Susanna smacked the table with her hand. ‘That’s it!’ she cried.

‘What in heaven’s—?’

‘We’ll have a party,’ she announced. ‘At Usherwood! We’ll invite everybody! Get the gang down from London, I’ll do the place up, get designers in—-caterers too; it’ll be the society event of the decade! Oh, can we, Cato, can we?’

Cato stroked his chin. ‘I don’t know about that, Mole...’

‘The town could come,’ she said recklessly, turned to Charlie for support, whose face was distraught. ‘Lustell Cove. Let’s see what your precious public makes of that! Oh, it’ll be wonderful. You know how easily bored I get when I’m not working. It would be a treat for me to plan something like this, a pet project—’

‘Let’s not get carried away...’

‘It’s not happening.’

The force of Charlie’s interjection plunged the table into silence. It was definite as a slammed door. Cato and Susanna might have opened every aspect of their lives to the masses but that didn’t mean he had to. The gathering wouldn’t be for the cove, or even the couple’s friends. It would inevitably drag an army of paparazzi and press attention with it: presumably that was the point.

Cato assumed everyone wanted the limelight. Charlie didn’t.

But predictably, his brother’s veto spurred Cato to a decision.

‘Let’s consider it, Charles—this might just be a fine idea.’ Next to him, Susanna clapped her hands together and released a squeal. ‘Since when has the old place hosted anything on that scale, hmm? It’d be good for the image.’

‘I don’t care about the image. It’s not reality TV, it’s a family home.’

‘Precisely. So this must be a family decision.’

The men stared each other down.

‘And as the eldest,’ continued Cato, ‘I think you’ll find it falls to me.’

‘You’re never here,’ lashed Charlie, ‘so how can it?’

Susanna went to dispel the fracas. ‘Ooh, look!’ she exclaimed, as a dish of razor clams and langoustines arrived at the table. ‘Aren’t they pretty? I do love pink.’ A light bulb went on above her head. ‘We could have a pink theme—not Barbie pink; prawn pink! Crab pink! Lobster pink! All seafoods pink, inspired by—’

‘Olivia, what do you think?’ Cato turned to their guest.

‘About the pink?’

‘About the party.’

‘It’s not for me to say.’

‘Of course it is,’ said Cato impatiently, ‘if I’ve just asked you. Keep up.’

‘Well, I—’

‘It’s not my job to keep your girlfriend entertained,’ interrupted Charlie.

Cato drew a sharp intake of breath. ‘Neither was it mine to entertain yours,’ he returned. ‘Strange how she didn’t seem to object.’

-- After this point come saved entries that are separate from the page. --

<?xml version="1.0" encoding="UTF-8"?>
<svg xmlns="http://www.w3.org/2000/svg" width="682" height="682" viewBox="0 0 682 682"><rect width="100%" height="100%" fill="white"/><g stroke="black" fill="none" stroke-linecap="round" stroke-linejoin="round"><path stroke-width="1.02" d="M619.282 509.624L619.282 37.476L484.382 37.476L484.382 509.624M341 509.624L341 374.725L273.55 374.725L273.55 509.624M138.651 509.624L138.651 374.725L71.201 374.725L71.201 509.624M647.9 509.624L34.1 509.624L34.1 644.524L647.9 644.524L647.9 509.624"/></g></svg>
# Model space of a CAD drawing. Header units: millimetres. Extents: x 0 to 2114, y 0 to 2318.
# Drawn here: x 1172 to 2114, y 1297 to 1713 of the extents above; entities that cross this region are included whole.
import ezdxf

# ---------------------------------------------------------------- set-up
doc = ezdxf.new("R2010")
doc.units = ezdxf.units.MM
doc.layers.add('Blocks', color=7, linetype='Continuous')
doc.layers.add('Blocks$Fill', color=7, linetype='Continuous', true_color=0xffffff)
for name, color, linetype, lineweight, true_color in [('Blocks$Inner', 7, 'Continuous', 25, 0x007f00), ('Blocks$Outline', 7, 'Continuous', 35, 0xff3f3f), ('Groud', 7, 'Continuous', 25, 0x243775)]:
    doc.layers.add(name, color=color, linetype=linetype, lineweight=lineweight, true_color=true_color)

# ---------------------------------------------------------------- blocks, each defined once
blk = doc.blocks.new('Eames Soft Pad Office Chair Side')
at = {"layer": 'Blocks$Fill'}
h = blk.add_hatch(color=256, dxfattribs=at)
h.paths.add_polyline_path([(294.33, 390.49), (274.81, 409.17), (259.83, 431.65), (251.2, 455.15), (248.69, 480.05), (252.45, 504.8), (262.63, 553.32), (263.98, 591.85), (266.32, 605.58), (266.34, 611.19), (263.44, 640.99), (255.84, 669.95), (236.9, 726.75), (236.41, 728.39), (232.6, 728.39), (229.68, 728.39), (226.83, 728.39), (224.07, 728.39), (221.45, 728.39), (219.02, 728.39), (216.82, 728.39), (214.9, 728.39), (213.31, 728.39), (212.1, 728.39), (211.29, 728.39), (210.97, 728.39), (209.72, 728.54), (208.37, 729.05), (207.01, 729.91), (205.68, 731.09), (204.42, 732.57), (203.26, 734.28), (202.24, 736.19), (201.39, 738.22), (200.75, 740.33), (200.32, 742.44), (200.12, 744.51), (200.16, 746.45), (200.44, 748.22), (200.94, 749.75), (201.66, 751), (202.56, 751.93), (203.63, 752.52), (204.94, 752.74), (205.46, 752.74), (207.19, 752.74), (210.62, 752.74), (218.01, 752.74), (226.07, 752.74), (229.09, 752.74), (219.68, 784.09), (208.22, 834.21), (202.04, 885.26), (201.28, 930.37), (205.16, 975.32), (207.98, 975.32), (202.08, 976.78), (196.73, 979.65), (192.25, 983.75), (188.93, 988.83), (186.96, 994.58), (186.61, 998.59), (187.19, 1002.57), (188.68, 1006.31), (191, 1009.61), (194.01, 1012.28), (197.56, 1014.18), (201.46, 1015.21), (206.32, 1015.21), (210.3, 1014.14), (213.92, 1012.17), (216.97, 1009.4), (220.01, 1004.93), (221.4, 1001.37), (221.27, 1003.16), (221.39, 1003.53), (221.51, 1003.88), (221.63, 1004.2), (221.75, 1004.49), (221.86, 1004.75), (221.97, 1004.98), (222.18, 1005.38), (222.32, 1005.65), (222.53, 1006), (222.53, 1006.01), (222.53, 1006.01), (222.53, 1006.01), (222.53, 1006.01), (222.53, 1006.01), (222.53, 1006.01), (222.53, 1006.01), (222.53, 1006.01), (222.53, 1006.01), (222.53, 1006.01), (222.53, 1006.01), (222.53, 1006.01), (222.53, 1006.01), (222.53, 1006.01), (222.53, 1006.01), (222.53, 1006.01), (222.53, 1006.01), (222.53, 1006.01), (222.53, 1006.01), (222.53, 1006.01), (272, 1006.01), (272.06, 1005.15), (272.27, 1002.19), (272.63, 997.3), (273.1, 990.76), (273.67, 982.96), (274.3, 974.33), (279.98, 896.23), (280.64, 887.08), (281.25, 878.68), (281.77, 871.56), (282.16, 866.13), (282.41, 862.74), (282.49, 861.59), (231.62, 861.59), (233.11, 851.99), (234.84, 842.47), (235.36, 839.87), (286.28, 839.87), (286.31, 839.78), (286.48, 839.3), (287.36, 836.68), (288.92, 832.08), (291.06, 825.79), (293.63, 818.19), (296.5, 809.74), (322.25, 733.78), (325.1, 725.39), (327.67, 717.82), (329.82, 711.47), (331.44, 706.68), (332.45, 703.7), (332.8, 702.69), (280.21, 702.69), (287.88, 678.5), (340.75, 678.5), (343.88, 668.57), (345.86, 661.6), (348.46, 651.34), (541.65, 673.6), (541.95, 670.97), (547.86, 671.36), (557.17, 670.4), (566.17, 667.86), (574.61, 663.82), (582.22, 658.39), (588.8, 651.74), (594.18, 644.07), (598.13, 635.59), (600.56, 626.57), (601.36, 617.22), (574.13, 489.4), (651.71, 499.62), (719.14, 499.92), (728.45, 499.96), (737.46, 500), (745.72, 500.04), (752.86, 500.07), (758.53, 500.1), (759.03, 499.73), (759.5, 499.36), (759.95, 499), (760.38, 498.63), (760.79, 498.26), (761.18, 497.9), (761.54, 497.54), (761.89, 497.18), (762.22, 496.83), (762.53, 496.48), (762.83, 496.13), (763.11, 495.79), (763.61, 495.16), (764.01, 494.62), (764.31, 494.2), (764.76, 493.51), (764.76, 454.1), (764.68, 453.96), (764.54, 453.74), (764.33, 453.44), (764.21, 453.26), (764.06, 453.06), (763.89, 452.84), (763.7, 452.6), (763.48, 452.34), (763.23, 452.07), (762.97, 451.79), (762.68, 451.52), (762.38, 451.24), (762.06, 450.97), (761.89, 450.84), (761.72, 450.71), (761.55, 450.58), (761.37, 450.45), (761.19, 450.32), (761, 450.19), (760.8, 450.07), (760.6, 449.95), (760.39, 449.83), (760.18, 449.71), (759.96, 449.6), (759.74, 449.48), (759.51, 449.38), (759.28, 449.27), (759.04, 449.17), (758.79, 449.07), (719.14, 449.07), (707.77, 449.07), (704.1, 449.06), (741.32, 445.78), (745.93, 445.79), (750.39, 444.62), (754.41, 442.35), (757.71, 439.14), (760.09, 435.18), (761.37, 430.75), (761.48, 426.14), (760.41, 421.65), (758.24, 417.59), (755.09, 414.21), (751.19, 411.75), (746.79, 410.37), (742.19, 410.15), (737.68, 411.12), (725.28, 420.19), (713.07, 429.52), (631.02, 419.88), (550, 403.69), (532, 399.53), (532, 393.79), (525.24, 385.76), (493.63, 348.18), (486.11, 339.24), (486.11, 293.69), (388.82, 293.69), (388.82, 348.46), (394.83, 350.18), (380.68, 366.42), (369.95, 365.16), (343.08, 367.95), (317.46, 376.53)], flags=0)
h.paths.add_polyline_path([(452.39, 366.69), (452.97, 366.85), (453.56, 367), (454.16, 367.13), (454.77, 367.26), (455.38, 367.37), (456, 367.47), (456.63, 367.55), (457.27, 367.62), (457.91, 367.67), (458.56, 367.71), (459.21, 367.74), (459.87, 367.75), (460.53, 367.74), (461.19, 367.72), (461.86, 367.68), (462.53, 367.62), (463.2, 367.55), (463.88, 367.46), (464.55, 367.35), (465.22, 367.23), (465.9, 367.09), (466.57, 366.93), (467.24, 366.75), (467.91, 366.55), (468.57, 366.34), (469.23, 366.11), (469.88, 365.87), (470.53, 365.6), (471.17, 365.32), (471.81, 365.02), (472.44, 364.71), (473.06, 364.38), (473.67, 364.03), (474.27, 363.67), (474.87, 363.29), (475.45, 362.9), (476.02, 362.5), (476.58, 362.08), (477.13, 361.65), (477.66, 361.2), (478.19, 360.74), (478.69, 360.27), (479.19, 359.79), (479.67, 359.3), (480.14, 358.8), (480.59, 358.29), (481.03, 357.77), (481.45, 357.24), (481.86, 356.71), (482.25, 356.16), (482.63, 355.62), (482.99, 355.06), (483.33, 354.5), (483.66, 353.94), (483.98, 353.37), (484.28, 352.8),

The table fell into a long and excruciating quiet.

Eventually, Charlie spoke. ‘You forget yourself.’

He pushed his chair back. Without another word he threw a stash of bank notes into the middle of the table, pulled on his jacket and walked away.

His brother’s voice chased him from behind, ripe with evil glee.

‘Not to worry, darling,’ Cato said. ‘We’ll send out invitations later this week. Never mind the decade, it’ll be the party of the century—just you wait and see.’